AVAILABLE DATA:
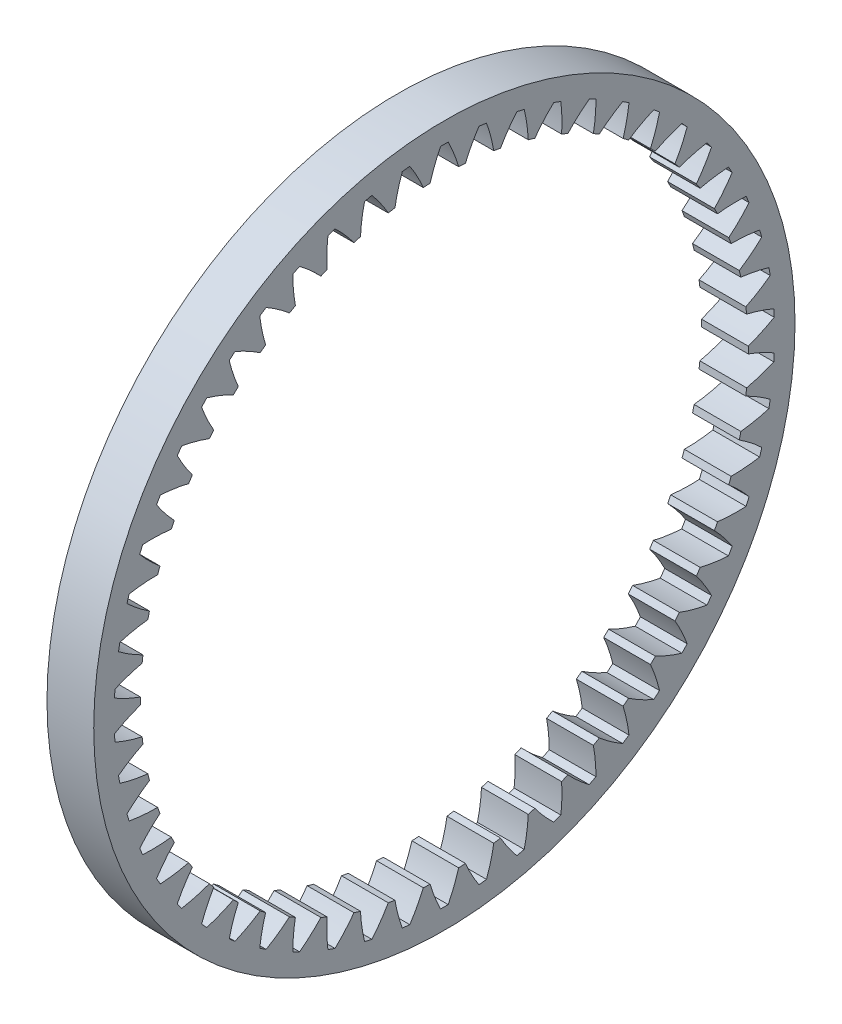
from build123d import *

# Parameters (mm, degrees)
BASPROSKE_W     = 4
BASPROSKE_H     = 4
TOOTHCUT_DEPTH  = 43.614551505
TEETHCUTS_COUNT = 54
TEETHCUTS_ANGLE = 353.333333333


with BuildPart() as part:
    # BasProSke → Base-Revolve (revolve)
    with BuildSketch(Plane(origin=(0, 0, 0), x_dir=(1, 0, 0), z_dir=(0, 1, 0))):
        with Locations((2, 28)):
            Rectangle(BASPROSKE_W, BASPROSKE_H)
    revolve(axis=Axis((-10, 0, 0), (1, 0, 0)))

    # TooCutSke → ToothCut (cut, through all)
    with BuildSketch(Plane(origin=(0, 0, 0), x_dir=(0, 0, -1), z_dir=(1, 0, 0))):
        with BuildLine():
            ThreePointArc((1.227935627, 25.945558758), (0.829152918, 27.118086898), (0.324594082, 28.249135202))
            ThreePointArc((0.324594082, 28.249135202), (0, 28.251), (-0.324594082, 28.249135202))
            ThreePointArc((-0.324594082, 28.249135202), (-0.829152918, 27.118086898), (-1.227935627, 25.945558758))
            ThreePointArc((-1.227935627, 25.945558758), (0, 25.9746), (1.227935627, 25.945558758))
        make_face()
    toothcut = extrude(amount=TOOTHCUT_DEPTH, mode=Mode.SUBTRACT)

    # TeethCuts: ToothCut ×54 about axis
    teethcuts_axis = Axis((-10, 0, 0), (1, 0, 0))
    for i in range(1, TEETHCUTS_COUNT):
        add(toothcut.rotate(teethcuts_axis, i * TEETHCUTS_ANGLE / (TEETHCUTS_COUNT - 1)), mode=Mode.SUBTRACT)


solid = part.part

WORK ORDER:
Which lines in the records above contain the word "Plane"? Copy each one.

EXERCISE OUTPUT:
    with BuildSketch(Plane(origin=(0, 0, 0), x_dir=(1, 0, 0), z_dir=(0, 1, 0))):
    with BuildSketch(Plane(origin=(0, 0, 0), x_dir=(0, 0, -1), z_dir=(1, 0, 0))):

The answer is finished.